Айша с чуткостью, присущей женщинам, почувствовала, что хороша и что ее красота привлекает Мурата. Она ловила откровенное восхищение в его глазах и была счастлива этим.

В ней проснулась детская яркость чувств и ощущений, увлеченность Мурата захватила и ее. Айша опьянела от счастья. Она испытывала счастье, но порой не верила, сомневалась в нем. Возможно ли это? Как гром среди ясного неба. Она чувствовала себя нищенкой, которая по ошибке сделалась королевой.

Случилось так, что Мурат пригласил ее с мужем в гости и она не могла отказаться. Айша знала, что у него есть жена и ребенок, но никогда раньше не думала о них. Теперь она лицом к лицу встретилась с Хадишой, увидела маленького Шернияза, похожего на Мурата, как две капли воды, — крошечный сынишка колобком катался у их ног.

Но только Айша увидела их, ее охватило чувство вины. Что сделала ей эта женщина, о которой она не слыхала ни одного дурного слова? Или этот резвый мальчик? Айша чувствовала себя очень виноватой. Она не смела поднять глаз на Хадишу. Мурат как-то сказал, что не остановится перед тем, чтобы развестись с женой. И Айша слушала его. Не соглашалась, но слушала. Ее счастье убьет другую женщину. Возможно ли это?

Но в душе она сознавала, что готова решиться смертельно ранить эту женщину во имя собственного счастья.

На другой день она сказала Мурату:

— Горе женщины — это куда бы ни шло. Но двоих детей сделать сиротами — нет, Мурат, нет!

И в этом решении Айша укрепилась. Что это? Смирение перед судьбой, присущее казашкам многих поколений, или желание принести себя в жертву? Ради чего? Но как бы то ни было, Айша ушла в себя, замкнулась. И это разъединило их.

Началась война. Мурат не обманывал себя: он знал, что чувство к Айше не покинет его до конца жизни. Но он не стал мучить Айшу и не искал с ней встреч. Лишь за несколько дней до отправления на фронт он написал ей: «Кажется, готовимся к отъезду. Хочу проститься с тобой».

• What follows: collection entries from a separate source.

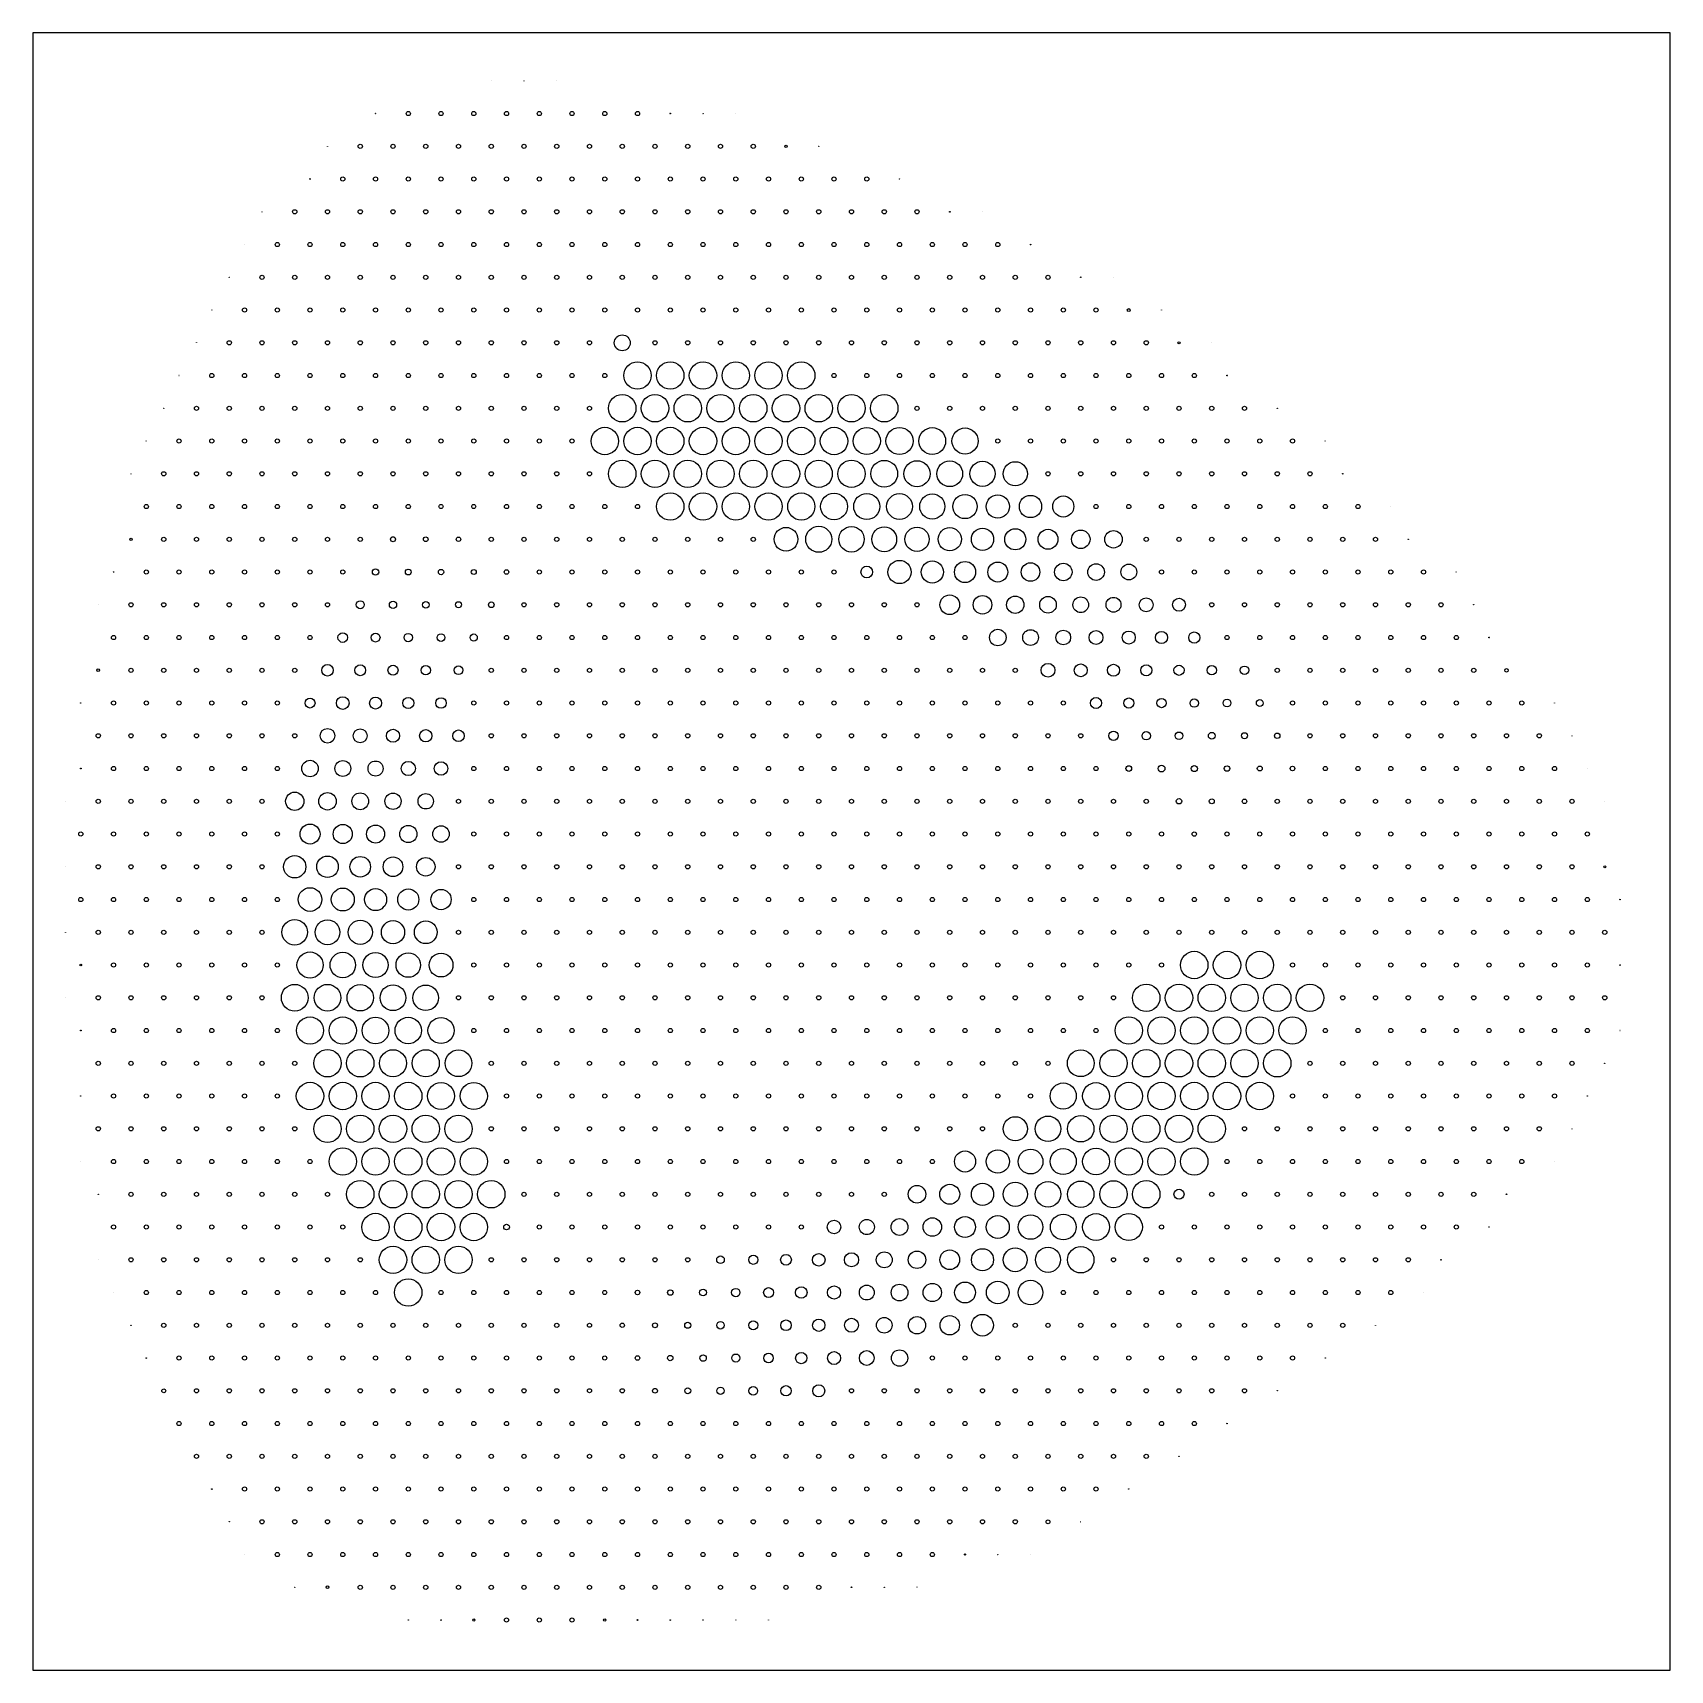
# Model space of a CAD drawing. Extents: x 0 to 85, y 0 to 85.
import ezdxf

# ---------------------------------------------------------------- set-up
doc = ezdxf.new("R2010")
doc.units = 0

msp = doc.modelspace()

# ---------------------------------------------------------------- linework, layer by layer
msp.add_polyline3d([(0, 0, 0), (85, 0, 0), (85, 85, 0), (0, 85, 0)], close=True)
for centre, radius in [((23.8, 82.507), 0.00279), ((25.5, 82.507), 0.00279), ((27.2, 82.507), 0.00279), ((17.793, 80.807), 0.00836), ((19.493, 80.807), 0.109), ((21.193, 80.807), 0.109), ((22.893, 80.807), 0.109), ((24.593, 80.807), 0.109), ((26.293, 80.807), 0.109), ((27.993, 80.807), 0.109), ((29.693, 80.807), 0.109), ((31.393, 80.807), 0.109), ((33.093, 80.807), 0.0195), ((34.793, 80.807), 0.00836), ((36.493, 80.807), 0.00279), ((15.3, 79.107), 0.00557), ((17, 79.107), 0.109), ((18.7, 79.107), 0.109), ((20.4, 79.107), 0.109), ((22.1, 79.107), 0.109), ((23.8, 79.107), 0.109), ((25.5, 79.107), 0.109), ((27.2, 79.107), 0.109), ((28.9, 79.107), 0.109), ((30.6, 79.107), 0.109), ((32.3, 79.107), 0.109), ((34, 79.107), 0.109), ((35.7, 79.107), 0.109), ((37.4, 79.107), 0.109), ((39.1, 79.107), 0.0641), ((40.8, 79.107), 0.00557), ((14.393, 77.407), 0.0195), ((16.093, 77.407), 0.109), ((17.793, 77.407), 0.109), ((19.493, 77.407), 0.109), ((21.193, 77.407), 0.109), ((22.893, 77.407), 0.109), ((24.593, 77.407), 0.109), ((26.293, 77.407), 0.109), ((27.993, 77.407), 0.109), ((29.693, 77.407), 0.109), ((31.393, 77.407), 0.109), ((33.093, 77.407), 0.109), ((34.793, 77.407), 0.109), ((36.493, 77.407), 0.109), ((38.193, 77.407), 0.109), ((39.893, 77.407), 0.109), ((41.593, 77.407), 0.109), ((43.293, 77.407), 0.109), ((44.993, 77.407), 0.00836), ((11.9, 75.707), 0.00279), ((13.6, 75.707), 0.109), ((15.3, 75.707), 0.109), ((17, 75.707), 0.109), ((18.7, 75.707), 0.109), ((20.4, 75.707), 0.109), ((22.1, 75.707), 0.109), ((23.8, 75.707), 0.109), ((25.5, 75.707), 0.109), ((27.2, 75.707), 0.109), ((28.9, 75.707), 0.109), ((30.6, 75.707), 0.109), ((32.3, 75.707), 0.109), ((34, 75.707), 0.109), ((35.7, 75.707), 0.109), ((37.4, 75.707), 0.109), ((39.1, 75.707), 0.109), ((40.8, 75.707), 0.109), ((42.5, 75.707), 0.109), ((44.2, 75.707), 0.109), ((45.9, 75.707), 0.109), ((47.6, 75.707), 0.0195), ((49.3, 75.707), 0.00279), ((10.993, 74.007), 0.00279), ((12.693, 74.007), 0.109), ((14.393, 74.007), 0.109), ((16.093, 74.007), 0.109), ((17.793, 74.007), 0.109), ((19.493, 74.007), 0.109), ((21.193, 74.007), 0.109), ((22.893, 74.007), 0.109), ((24.593, 74.007), 0.109), ((26.293, 74.007), 0.109), ((27.993, 74.007), 0.109), ((29.693, 74.007), 0.109), ((31.393, 74.007), 0.109), ((33.093, 74.007), 0.109), ((34.793, 74.007), 0.109), ((36.493, 74.007), 0.109), ((38.193, 74.007), 0.109), ((39.893, 74.007), 0.109), ((41.593, 74.007), 0.109), ((43.293, 74.007), 0.109), ((44.993, 74.007), 0.109), ((46.693, 74.007), 0.109), ((48.393, 74.007), 0.109), ((50.093, 74.007), 0.109), ((51.793, 74.007), 0.0111), ((10.2, 72.307), 0.00557), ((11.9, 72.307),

Письмо, которое передал ему Уали, и было ответом Айши. Она писала:

«Не обижайся, не сердись на меня, Мурат, за то, что не называю тебя ни дорогим, ни любимым. Все эти слова я давно сказала тебе. Одно твое имя «Мурат» дороже мне всех других слов. Нет, я не забыла тебя. Я сделала то, что должна была сделать. Прости. Конечно, я рвалась встретиться с тобой перед отъездом. Но было бы нечестно отнимать последние минуты у тех, для кого ты муж и отец. Уезжай с мыслью только о них. Они — твоя семья. Это письмо я попросила передать, когда ты будешь уже далеко. У нас были счастливые дни, не будем жалеть о них. Я благодарю тебя за то, что так коротко, но так глубоко была счастлива.

Не шевели и ты в своем сердце того, что было, но что минуло. Я буду довольна и тем, что от всего сердца желаю тебе...»

Мурат дочитал письмо до конца и, расслабленный, прислонился к стенке вагона. За каждой строкой письма, вышедшей из самого сердца, стояло страдание женщины, которая любила, но не имела права любить.